De Nederlandsche Bank (DNB) heeft laten onderzoeken wat de invoering van een unieke alias voor elk Nederlands betaalrekeningnummer oplevert. Het biedt administratieve voordelen bij het overstappen naar een andere bank. De kosten wegen echter niet op tegen de baten die gepaard gaan met zo’n wijziging. Vooral de kosten voor systeemswijzigingen van banken zijn naar verhouding erg hoog. Invoering van een alias alleen op Nederlands niveau is volgens DNB niet rendabel, een invoering op Europees niveau mogelijk wel.
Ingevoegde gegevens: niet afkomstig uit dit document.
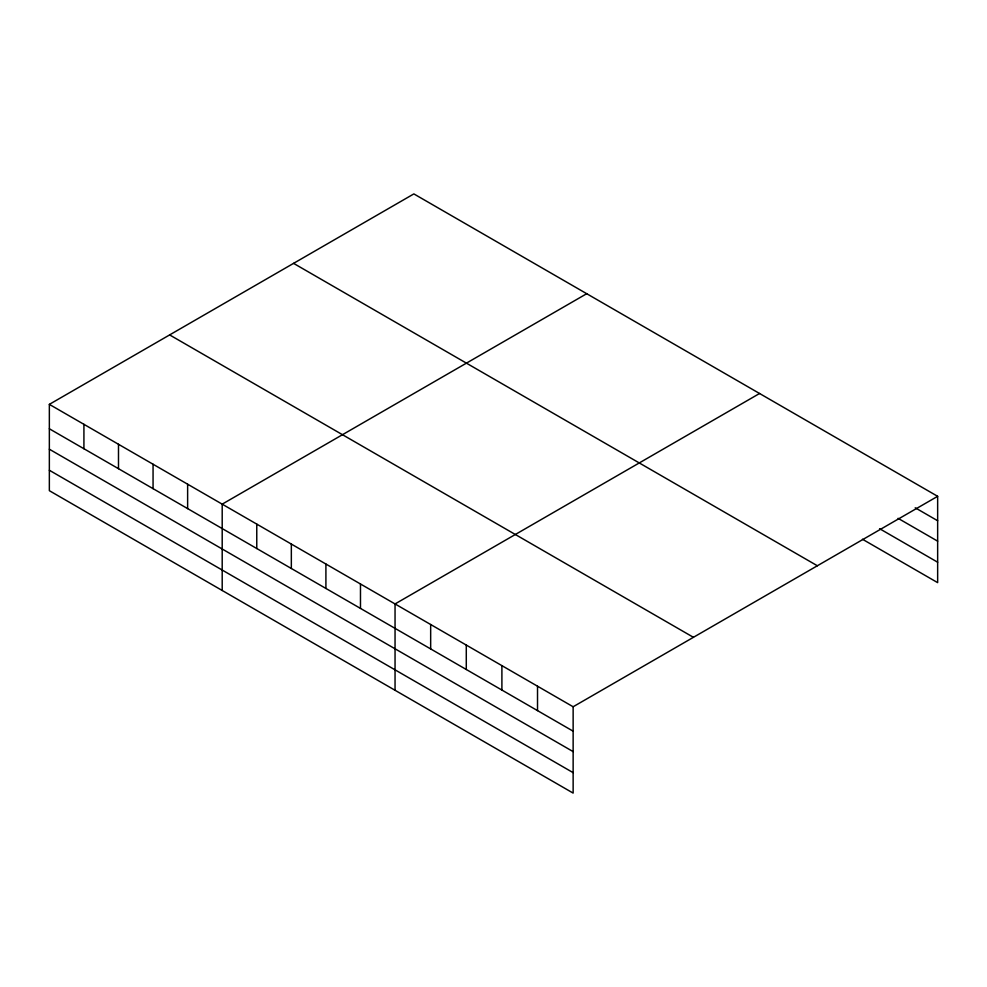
<?xml version="1.0" encoding="UTF-8"?>
<svg xmlns="http://www.w3.org/2000/svg" width="987" height="987" viewBox="0 0 987 987"><rect width="100%" height="100%" fill="white"/><g stroke="black" fill="none" stroke-linecap="round" stroke-linejoin="round"><path stroke-width="1.48" d="M49.35 404.362L573.139 706.766L573.139 793.092L49.35 490.687L49.35 404.362L413.861 193.908L937.65 496.313L937.65 582.638L862.453 539.235M586.71 293.707L222.198 504.147L222.198 590.473M759.558 393.492L395.047 603.945L395.047 690.271M573.139 706.766L937.65 496.313M915.22 507.787L937.65 520.741M898.071 518.323L937.65 541.16M879.602 528.699L937.65 562.22M293.571 263.356L817.359 565.761M169.641 334.914L693.429 637.318M49.35 428.777L573.139 731.182M49.35 449.208L573.139 751.613M49.35 470.256L573.139 772.661M537.52 686.199L537.52 710.615M501.902 665.633L501.902 690.061M466.283 645.079L466.283 669.494M430.665 624.512L430.665 648.928M360.477 583.983L360.477 608.411M325.907 564.033L325.907 588.449M291.338 544.071L291.338 568.487M256.768 524.109L256.768 548.525M187.629 484.198L187.629 508.613M153.059 464.235L153.059 488.651M118.489 444.273L118.489 468.689M83.92 424.311L83.92 448.74"/></g></svg>
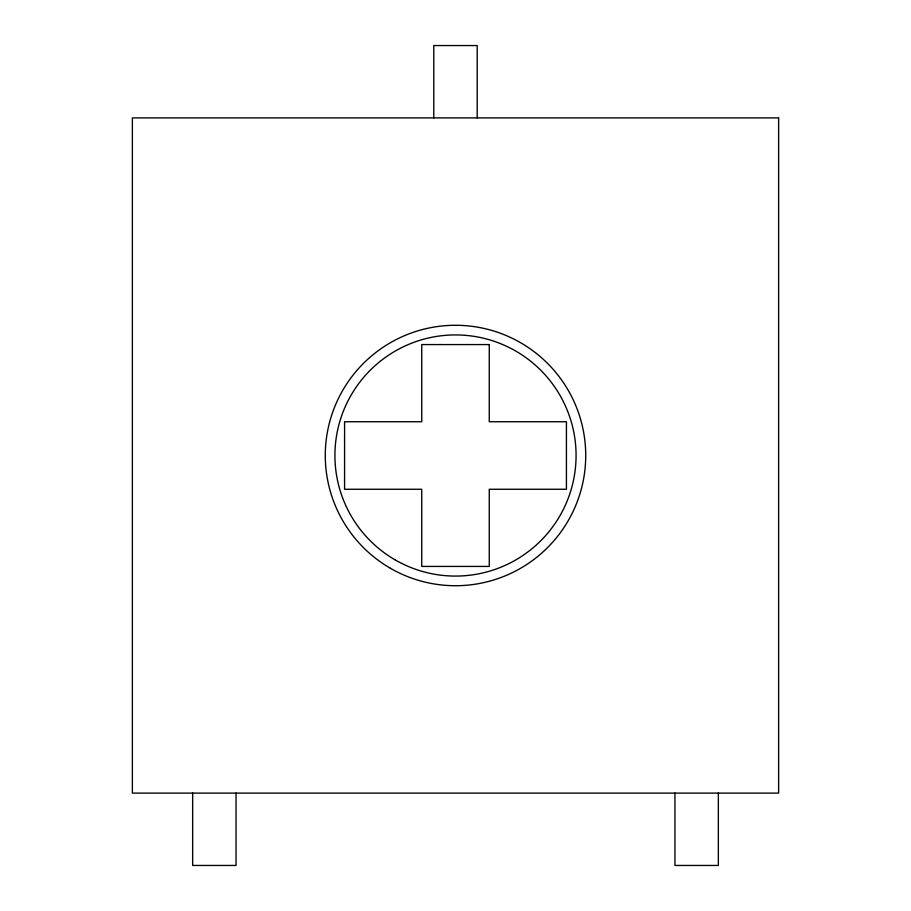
<?xml version="1.0" encoding="UTF-8"?>
<svg xmlns="http://www.w3.org/2000/svg" width="911" height="911" viewBox="0 0 911 911"><rect width="100%" height="100%" fill="white"/><g stroke="black" fill="none" stroke-linecap="round" stroke-linejoin="round"><path stroke-width="1.37" d="M718.346 793.105L718.346 865.45L674.949 865.45L674.949 793.105M477.205 117.895L477.205 45.55L433.795 45.55L433.795 117.895M236.051 793.105L236.051 865.45L192.654 865.45L192.654 793.105M778.632 117.895L132.368 117.895L132.368 793.105L778.632 793.105L778.632 117.895M489.264 344.574L421.736 344.574L421.736 421.736L344.574 421.736L344.574 489.264L421.736 489.264L421.736 566.426L489.264 566.426L489.264 489.264L566.426 489.264L566.426 421.736L489.264 421.736L489.264 344.574M390.386 568.27A130.216 130.216 0 0 0 585.716 455.5A130.216 130.216 0 0 0 390.386 342.73A130.216 130.216 0 0 0 390.386 568.27M395.215 559.923A120.571 120.571 0 0 0 576.071 455.5A120.571 120.571 0 0 0 395.215 351.077A120.571 120.571 0 0 0 395.215 559.923"/></g></svg>

Overstappen van de ene bank naar een andere bank is op zichzelf niet zo moeilijk. Daar kunnen bovendien verschillende redenen voor zijn, variërend van het kostenplaatje tot de maatschappelijke betrokkenheid van een bank. Er zijn in de afgelopen tien jaar goede slagen gemaakt door banken in de zin van het bieden van een overstapservice. Dat mes snijdt aan twee kanten, want consumenten kunnen misschien makkelijker vertrekken naar een andere bank maar dat geldt natuurlijk ook andersom. Er is één ding dat veel consumenten weerhoudt van overstappen en dat is afscheid nemen van het eigen rekeningnummer.
Politieke discussie
Veel mensen kunnen het nummer dat ze al jaren bezitten zonder problemen opdreunen. Door allerlei nieuwe en efficiënte betaalmethodes is de noodzaak van het uit het hoofd weten wellicht wat naar de achtergrond verschoven, maar vaak lijkt er toch sprake van een soort emotionele verbondenheid. Een vaak gemaakte vergelijking is die met het telefoonnummer. Een telefoonnummer kan alleen wél meegenomen worden als iemand van provider wisselt, een IBAN niet. Twee jaar terug stelden enkele politici uit de Tweede Kamer dit ter discussie. Dat leidde er uiteindelijk toe dat minister Hoekstra van Financiën DNB de opdracht gaf om te verkennen wat mogelijk was en wat de invoering van een alias voor het rekeningnummer zou kosten.
In de basis is het technisch prima mogelijk om een unieke alias te koppelen aan een betaalrekeningnummer. Mocht iemand willen overstappen, dan verandert weliswaar het onderhangende rekeningnummer maar blijft de alias gelijk. Het zou minder administratie vergen bij een overstap, dat staat volgens DNB buiten kijf. Er zijn echter een aantal grote mitsen en maren.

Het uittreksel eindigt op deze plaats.